▸ **TASK GOAL**: Repeat verbatim, and only, the lines of the data below, beginning at the line that contains "#10432 = EDGE_CURVE" and stopping after the line that contains "#31876 = LINE ( 'NONE', #37408, #17274 ) ;".

▸ **ENTRIES PROVIDED**:
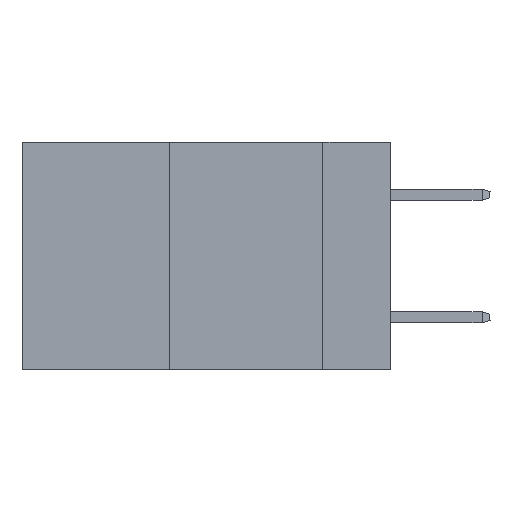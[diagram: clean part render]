
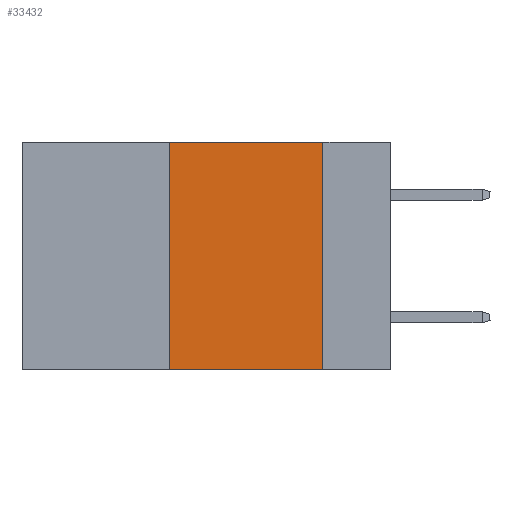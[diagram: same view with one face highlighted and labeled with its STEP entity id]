
A CAD part, left-side view. The second image highlights one B-rep face of the part: STEP entity #33432.
In plain terms, the highlighted planar face has unit normal (-1, 0, 0).
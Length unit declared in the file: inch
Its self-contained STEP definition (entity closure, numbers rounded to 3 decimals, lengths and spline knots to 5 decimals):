
#2369 = ORIENTED_EDGE ( 'NONE', *, *, #31894, .F. ) ;
#3071 = VERTEX_POINT ( 'NONE', #33134 ) ;
#5325 = DIRECTION ( 'NONE',  ( 0., 0., 1. ) ) ;
#6203 = PLANE ( 'NONE',  #6535 ) ;
#6535 = AXIS2_PLACEMENT_3D ( 'NONE', #26621, #9121, #29540 ) ;
#7068 = CARTESIAN_POINT ( 'NONE',  ( 0., 0.36, -0.37 ) ) ;
#7281 = ORIENTED_EDGE ( 'NONE', *, *, #24823, .T. ) ;
#7920 = CARTESIAN_POINT ( 'NONE',  ( 0., 0.6, -0.37 ) ) ;
#8014 = CARTESIAN_POINT ( 'NONE',  ( 0., 0.36, 0. ) ) ;
#8246 = LINE ( 'NONE', #37330, #9589 ) ;
#8846 = DIRECTION ( 'NONE',  ( 0., 0., -1. ) ) ;
#8955 = VECTOR ( 'NONE', #22616, 39.37008 ) ;
#9121 = DIRECTION ( 'NONE',  ( 1., 0., 0. ) ) ;
#9589 = VECTOR ( 'NONE', #37220, 39.37008 ) ;
#10432 = EDGE_CURVE ( 'NONE', #19980, #19731, #31876, .T. ) ;
#11265 = CARTESIAN_POINT ( 'NONE',  ( 0., 0.11, 0. ) ) ;
#16722 = LINE ( 'NONE', #7920, #8955 ) ;
#17274 = VECTOR ( 'NONE', #5325, 39.37008 ) ;
#19731 = VERTEX_POINT ( 'NONE', #8014 ) ;
#19980 = VERTEX_POINT ( 'NONE', #7068 ) ;
#22616 = DIRECTION ( 'NONE',  ( 0., -1., 0. ) ) ;
#23021 = LINE ( 'NONE', #11265, #23076 ) ;
#23076 = VECTOR ( 'NONE', #8846, 39.37008 ) ;
#23473 = VERTEX_POINT ( 'NONE', #34753 ) ;
#23544 = ORIENTED_EDGE ( 'NONE', *, *, #10432, .F. ) ;
#24312 = FACE_OUTER_BOUND ( 'NONE', #36338, .T. ) ;
#24823 = EDGE_CURVE ( 'NONE', #19980, #23473, #16722, .T. ) ;
#26621 = CARTESIAN_POINT ( 'NONE',  ( 0., 0.6, 0. ) ) ;
#29540 = DIRECTION ( 'NONE',  ( 0., 0., -1. ) ) ;
#30952 = ORIENTED_EDGE ( 'NONE', *, *, #36977, .F. ) ;
#31876 = LINE ( 'NONE', #37408, #17274 ) ;
#31894 = EDGE_CURVE ( 'NONE', #3071, #23473, #23021, .T. ) ;
#33134 = CARTESIAN_POINT ( 'NONE',  ( 0., 0.11, 0. ) ) ;
#33432 = ADVANCED_FACE ( 'NONE', ( #24312 ), #6203, .F. ) ;
#34753 = CARTESIAN_POINT ( 'NONE',  ( 0., 0.11, -0.37 ) ) ;
#36338 = EDGE_LOOP ( 'NONE', ( #2369, #30952, #23544, #7281 ) ) ;
#36977 = EDGE_CURVE ( 'NONE', #19731, #3071, #8246, .T. ) ;
#37220 = DIRECTION ( 'NONE',  ( 0., -1., 0. ) ) ;
#37330 = CARTESIAN_POINT ( 'NONE',  ( 0., 0.6, 0. ) ) ;
#37408 = CARTESIAN_POINT ( 'NONE',  ( 0., 0.36, 0. ) ) ;

▸ **RESPONSE BELOW**:
#10432 = EDGE_CURVE ( 'NONE', #19980, #19731, #31876, .T. ) ;
#11265 = CARTESIAN_POINT ( 'NONE',  ( 0., 0.11, 0. ) ) ;
#16722 = LINE ( 'NONE', #7920, #8955 ) ;
#17274 = VECTOR ( 'NONE', #5325, 39.37008 ) ;
#19731 = VERTEX_POINT ( 'NONE', #8014 ) ;
#19980 = VERTEX_POINT ( 'NONE', #7068 ) ;
#22616 = DIRECTION ( 'NONE',  ( 0., -1., 0. ) ) ;
#23021 = LINE ( 'NONE', #11265, #23076 ) ;
#23076 = VECTOR ( 'NONE', #8846, 39.37008 ) ;
#23473 = VERTEX_POINT ( 'NONE', #34753 ) ;
#23544 = ORIENTED_EDGE ( 'NONE', *, *, #10432, .F. ) ;
#24312 = FACE_OUTER_BOUND ( 'NONE', #36338, .T. ) ;
#24823 = EDGE_CURVE ( 'NONE', #19980, #23473, #16722, .T. ) ;
#26621 = CARTESIAN_POINT ( 'NONE',  ( 0., 0.6, 0. ) ) ;
#29540 = DIRECTION ( 'NONE',  ( 0., 0., -1. ) ) ;
#30952 = ORIENTED_EDGE ( 'NONE', *, *, #36977, .F. ) ;
#31876 = LINE ( 'NONE', #37408, #17274 ) ;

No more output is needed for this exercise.